• Information supplied
━━━━━━━━━━
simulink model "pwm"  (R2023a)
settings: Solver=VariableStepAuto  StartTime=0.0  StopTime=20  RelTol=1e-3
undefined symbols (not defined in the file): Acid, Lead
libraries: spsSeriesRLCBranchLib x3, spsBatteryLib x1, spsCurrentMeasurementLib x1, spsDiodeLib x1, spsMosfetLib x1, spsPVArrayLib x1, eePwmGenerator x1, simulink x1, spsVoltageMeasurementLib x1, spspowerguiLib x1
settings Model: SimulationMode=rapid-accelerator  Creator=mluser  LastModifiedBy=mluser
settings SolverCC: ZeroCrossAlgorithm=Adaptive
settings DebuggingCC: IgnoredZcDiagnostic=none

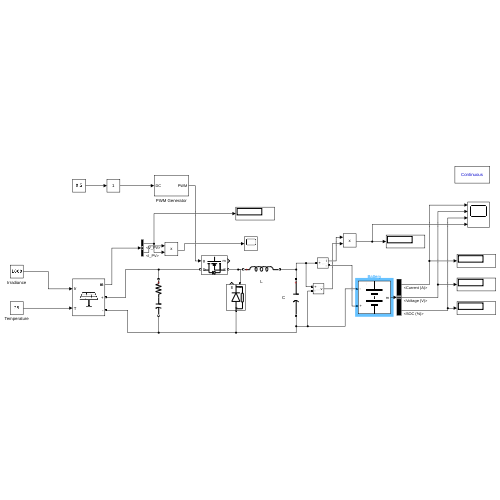
[thumbnail: Simulink's stored preview of the top-level diagram]
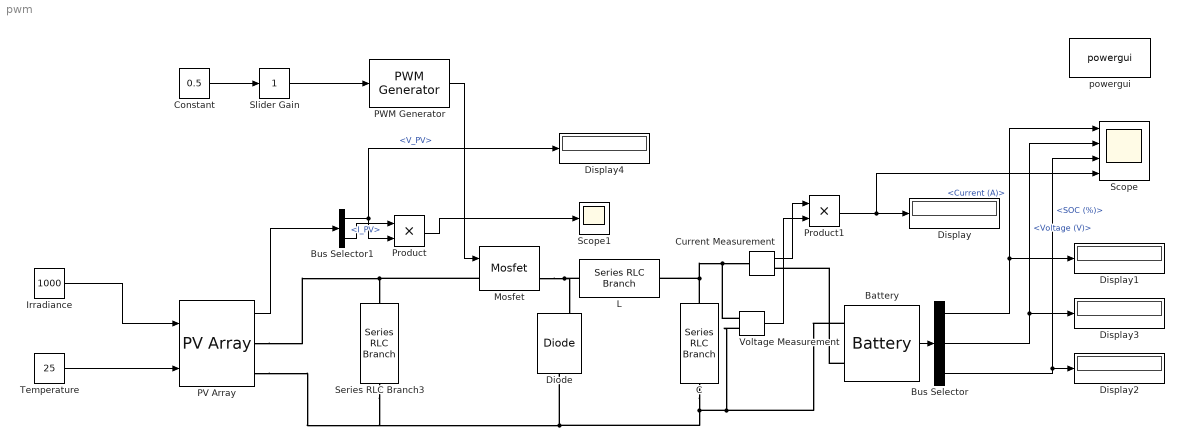
== system pwm ==
  Battery : spsBatteryLib/Battery  BatType=Lead-Acid  ShowTempParam=off  ThermalPreset=no  ShowAgeParam=off  NomV=12  NomQ=10  SOC=99.6  Batt_Tr=30  PresetModel=on  MaxQ=10.4167  MinV=9  FullV=13.0658  Dis_rate=2  R=0.012  Normal_OP=3.1028  expZone="[12.2171    0.0333333]"  current=[6.5 13 32.5]  Units=Time  Tci=20  NomT=20  T2=-30  MaxQ2=4.8  FullV2=7.1  Normal_OP2=5.655  expZone2="[6.58           1]"  Rca=0.6  ti=2000  Dp=0  Neq0=0  Tsim=1e6  Ta1=25  Qeol=5.4*0.9  Reol=0.013333*1.2  Char_age=[2.3478, 3]  Dis_age=[2.3478, 10]  N1=1500  N2=10500  N3=1000  N4=1400  Ta2=45  N5=950
  Bus Selector : BusSelector  OutputSignals=Current (A),Voltage (V),SOC (%)
  Bus Selector1 : BusSelector  OutputSignals=V_PV,I_PV
  C : spsSeriesRLCBranchLib/Series RLC Branch  LConnTagsString=__new0  RConnTagsString=__new0  BranchType=C  Resistance=1  Inductance=1e-3  SetiL0=off  InitialCurrent=0  Capacitance=1000e-6  Setx0=off  InitialVoltage=0  Measurements=None
  Constant : Constant  Value=0.5
  Current Measurement : spsCurrentMeasurementLib/Current Measurement  PhasorSimulation=off  OutputType=Complex  PSBequivalent=0
  Diode : spsDiodeLib/Diode  Ron=0.001  Lon=0  Vf=0.8  IC=0  UseSnubber=0  Rs=500  Cs=250e-9  Measurements=on
  Display{,1..4} (5 alike) : Display
  Irradiance : Constant  Value=1000
  L : spsSeriesRLCBranchLib/Series RLC Branch  LConnTagsString=__new0  RConnTagsString=__new0  BranchType=L  Resistance=1  Inductance=100e-6  SetiL0=off  InitialCurrent=0  Capacitance=1e-6  Setx0=off  InitialVoltage=0  Measurements=None
  Mosfet : spsMosfetLib/Mosfet  Ron=0.1  Lon=0  Rd=0.01  Vfd=0  IC=0  Rs=1e5  Cs=inf  Measurements=on
  PV Array : spsPVArrayLib/PV Array  Npar=1  Nser=1  PlotType=array @ 1000 W/m2 & specified temperatures  S_vec="[ 1000  500  100 ]"  Temp_C_vec="[ 45 25  ]"  ModuleName=Canadian Solar Inc. CS5A-180MX  PlotWhenSelected=off  Pm=180.139  Ncell=72  Voc=44.5  Isc=5.4  Vm=36.1  Im=4.99  beta_Voc_pc=-0.374  alpha_Isc_pc=0.089  beta_Voc=-0.16643  alpha_Isc=0.004806  IL=5.4115  I0=3.053e-10  nI=1.0208  Rsh=268.1861  Rs=0.56943  RobustModel=off  RobustCellTemperature=313.3991  BAL=on  Tc=1e-6  Tfilter=5e-5
  PWM Generator : eePwmGenerator/PWM Generator  CarrCount=Up  Tper=0.001  Tdelay=0  Ts=0.25e-6
  Product : Product
  Product1 : Product
  Scope : Scope  NumInputPorts=4
  Scope1 : Scope
  Series RLC Branch3 : spsSeriesRLCBranchLib/Series RLC Branch  LConnTagsString=__new0  RConnTagsString=__new0  BranchType=RC  Resistance=0.001  Inductance=1e-3  SetiL0=off  InitialCurrent=0  Capacitance=0.001  Setx0=off  InitialVoltage=0  Measurements=None
  Slider Gain : simulink/Math Operations/Slider Gain  gain=1  low=0  high=2
  Temperature : Constant  Value=25
  Voltage Measurement : spsVoltageMeasurementLib/Voltage Measurement  PhasorSimulation=off  OutputType=Complex  PSBequivalent=0
  powergui : spspowerguiLib/powergui  Priority=1  SimulationMode=Continuous  SampleTime=1e-6  frequency=60  Iterations=50  frequencyindice=0  Pbase=100e6  ErrMax=1e-4  UnitsV=kV  UnitsW=MW  buscounter=0  FunctionMessages=off  echomessages=off  EnableUseOfTLC=off  CurrentSourceSwitches=off  DisableSnubberDevices=off  DisableRonSwitches=off  DisableVfSwitches=off  DisplayEquations=off  AutomaticDiscreteSolvers=off  SolverType=Tustin/Backward Euler (TBE)  Interpol=off  ExternalGateDelay=off  methode=off  Ts=100  x0status=blocks  SPID=on  SwTol=0  HookPort=off  NonlinearTolerance=1e-4  nMaxIteration=100  ContinueOnMaxIteration=off  RestoreLinks=warning  ResistiveCurrentMeasurement=off  Frange=[0:2:500]  Ylog=off  Xlog=on  ShowGrid=off  save=off  variable=ZData  structure=0  ZoomFFT=off  StartTime=0.0  cycles=1  DisplayStyle=1  fundamental=60  FreqAxis=off  MaxFrequency=1000  frequencyindicesteady=1  RmsSteady=1  display=off
  wires:
  Battery/1 -> Bus Selector/1
  Bus Selector/2 -> Scope/2, Display3/1  "<Voltage (V)>"
  Bus Selector/3 -> Scope/3, Display2/1  "<SOC (%)>"
  Temperature/1 -> PV Array/2
  Irradiance/1 -> PV Array/1
  Bus Selector/1 -> Scope/1, Display1/1  "<Current (A)>"
  PV Array/1 -> Bus Selector1/1
  Bus Selector1/1 -> Display4/1, Product/2  "<V_PV>"
  Bus Selector1/2 -> Product/1  "<I_PV>"
  PWM Generator/1 -> Mosfet/1
  Product/1 -> Scope1/1
  Constant/1 -> Slider Gain/1
  Slider Gain/1 -> PWM Generator/1
  Current Measurement/1 -> Product1/1
  Voltage Measurement/1 -> Product1/2
  Product1/1 -> Scope/4, Display/1
  connections:
  Mosfet/RConn1 -- Diode/RConn1 -- L/LConn1
  Battery/LConn2 -- Voltage Measurement/LConn2 -- C/RConn1 -- Series RLC Branch3/RConn1 -- PV Array/RConn2 -- Diode/LConn1
  C/LConn1 -- Voltage Measurement/LConn1 -- Current Measurement/LConn1 -- L/RConn1
  Mosfet/LConn1 -- Series RLC Branch3/LConn1 -- PV Array/RConn1
  Battery/LConn1 -- Current Measurement/RConn1
━━━━━━━━━━
• Exercise aim
What's needed is an exact retyping of the records, pictures excluded.

• Exercise answer
simulink model "pwm"  (R2023a)
settings: Solver=VariableStepAuto  StartTime=0.0  StopTime=20  RelTol=1e-3
undefined symbols (not defined in the file): Acid, Lead
libraries: spsSeriesRLCBranchLib x3, spsBatteryLib x1, spsCurrentMeasurementLib x1, spsDiodeLib x1, spsMosfetLib x1, spsPVArrayLib x1, eePwmGenerator x1, simulink x1, spsVoltageMeasurementLib x1, spspowerguiLib x1
settings Model: SimulationMode=rapid-accelerator  Creator=mluser  LastModifiedBy=mluser
settings SolverCC: ZeroCrossAlgorithm=Adaptive
settings DebuggingCC: IgnoredZcDiagnostic=none

[thumbnail: Simulink's stored preview of the top-level diagram]
== system pwm ==
  Battery : spsBatteryLib/Battery  BatType=Lead-Acid  ShowTempParam=off  ThermalPreset=no  ShowAgeParam=off  NomV=12  NomQ=10  SOC=99.6  Batt_Tr=30  PresetModel=on  MaxQ=10.4167  MinV=9  FullV=13.0658  Dis_rate=2  R=0.012  Normal_OP=3.1028  expZone="[12.2171    0.0333333]"  current=[6.5 13 32.5]  Units=Time  Tci=20  NomT=20  T2=-30  MaxQ2=4.8  FullV2=7.1  Normal_OP2=5.655  expZone2="[6.58           1]"  Rca=0.6  ti=2000  Dp=0  Neq0=0  Tsim=1e6  Ta1=25  Qeol=5.4*0.9  Reol=0.013333*1.2  Char_age=[2.3478, 3]  Dis_age=[2.3478, 10]  N1=1500  N2=10500  N3=1000  N4=1400  Ta2=45  N5=950
  Bus Selector : BusSelector  OutputSignals=Current (A),Voltage (V),SOC (%)
  Bus Selector1 : BusSelector  OutputSignals=V_PV,I_PV
  C : spsSeriesRLCBranchLib/Series RLC Branch  LConnTagsString=__new0  RConnTagsString=__new0  BranchType=C  Resistance=1  Inductance=1e-3  SetiL0=off  InitialCurrent=0  Capacitance=1000e-6  Setx0=off  InitialVoltage=0  Measurements=None
  Constant : Constant  Value=0.5
  Current Measurement : spsCurrentMeasurementLib/Current Measurement  PhasorSimulation=off  OutputType=Complex  PSBequivalent=0
  Diode : spsDiodeLib/Diode  Ron=0.001  Lon=0  Vf=0.8  IC=0  UseSnubber=0  Rs=500  Cs=250e-9  Measurements=on
  Display{,1..4} (5 alike) : Display
  Irradiance : Constant  Value=1000
  L : spsSeriesRLCBranchLib/Series RLC Branch  LConnTagsString=__new0  RConnTagsString=__new0  BranchType=L  Resistance=1  Inductance=100e-6  SetiL0=off  InitialCurrent=0  Capacitance=1e-6  Setx0=off  InitialVoltage=0  Measurements=None
  Mosfet : spsMosfetLib/Mosfet  Ron=0.1  Lon=0  Rd=0.01  Vfd=0  IC=0  Rs=1e5  Cs=inf  Measurements=on
  PV Array : spsPVArrayLib/PV Array  Npar=1  Nser=1  PlotType=array @ 1000 W/m2 & specified temperatures  S_vec="[ 1000  500  100 ]"  Temp_C_vec="[ 45 25  ]"  ModuleName=Canadian Solar Inc. CS5A-180MX  PlotWhenSelected=off  Pm=180.139  Ncell=72  Voc=44.5  Isc=5.4  Vm=36.1  Im=4.99  beta_Voc_pc=-0.374  alpha_Isc_pc=0.089  beta_Voc=-0.16643  alpha_Isc=0.004806  IL=5.4115  I0=3.053e-10  nI=1.0208  Rsh=268.1861  Rs=0.56943  RobustModel=off  RobustCellTemperature=313.3991  BAL=on  Tc=1e-6  Tfilter=5e-5
  PWM Generator : eePwmGenerator/PWM Generator  CarrCount=Up  Tper=0.001  Tdelay=0  Ts=0.25e-6
  Product : Product
  Product1 : Product
  Scope : Scope  NumInputPorts=4
  Scope1 : Scope
  Series RLC Branch3 : spsSeriesRLCBranchLib/Series RLC Branch  LConnTagsString=__new0  RConnTagsString=__new0  BranchType=RC  Resistance=0.001  Inductance=1e-3  SetiL0=off  InitialCurrent=0  Capacitance=0.001  Setx0=off  InitialVoltage=0  Measurements=None
  Slider Gain : simulink/Math Operations/Slider Gain  gain=1  low=0  high=2
  Temperature : Constant  Value=25
  Voltage Measurement : spsVoltageMeasurementLib/Voltage Measurement  PhasorSimulation=off  OutputType=Complex  PSBequivalent=0
  powergui : spspowerguiLib/powergui  Priority=1  SimulationMode=Continuous  SampleTime=1e-6  frequency=60  Iterations=50  frequencyindice=0  Pbase=100e6  ErrMax=1e-4  UnitsV=kV  UnitsW=MW  buscounter=0  FunctionMessages=off  echomessages=off  EnableUseOfTLC=off  CurrentSourceSwitches=off  DisableSnubberDevices=off  DisableRonSwitches=off  DisableVfSwitches=off  DisplayEquations=off  AutomaticDiscreteSolvers=off  SolverType=Tustin/Backward Euler (TBE)  Interpol=off  ExternalGateDelay=off  methode=off  Ts=100  x0status=blocks  SPID=on  SwTol=0  HookPort=off  NonlinearTolerance=1e-4  nMaxIteration=100  ContinueOnMaxIteration=off  RestoreLinks=warning  ResistiveCurrentMeasurement=off  Frange=[0:2:500]  Ylog=off  Xlog=on  ShowGrid=off  save=off  variable=ZData  structure=0  ZoomFFT=off  StartTime=0.0  cycles=1  DisplayStyle=1  fundamental=60  FreqAxis=off  MaxFrequency=1000  frequencyindicesteady=1  RmsSteady=1  display=off
  wires:
  Battery/1 -> Bus Selector/1
  Bus Selector/2 -> Scope/2, Display3/1  "<Voltage (V)>"
  Bus Selector/3 -> Scope/3, Display2/1  "<SOC (%)>"
  Temperature/1 -> PV Array/2
  Irradiance/1 -> PV Array/1
  Bus Selector/1 -> Scope/1, Display1/1  "<Current (A)>"
  PV Array/1 -> Bus Selector1/1
  Bus Selector1/1 -> Display4/1, Product/2  "<V_PV>"
  Bus Selector1/2 -> Product/1  "<I_PV>"
  PWM Generator/1 -> Mosfet/1
  Product/1 -> Scope1/1
  Constant/1 -> Slider Gain/1
  Slider Gain/1 -> PWM Generator/1
  Current Measurement/1 -> Product1/1
  Voltage Measurement/1 -> Product1/2
  Product1/1 -> Scope/4, Display/1
  connections:
  Mosfet/RConn1 -- Diode/RConn1 -- L/LConn1
  Battery/LConn2 -- Voltage Measurement/LConn2 -- C/RConn1 -- Series RLC Branch3/RConn1 -- PV Array/RConn2 -- Diode/LConn1
  C/LConn1 -- Voltage Measurement/LConn1 -- Current Measurement/LConn1 -- L/RConn1
  Mosfet/LConn1 -- Series RLC Branch3/LConn1 -- PV Array/RConn1
  Battery/LConn1 -- Current Measurement/RConn1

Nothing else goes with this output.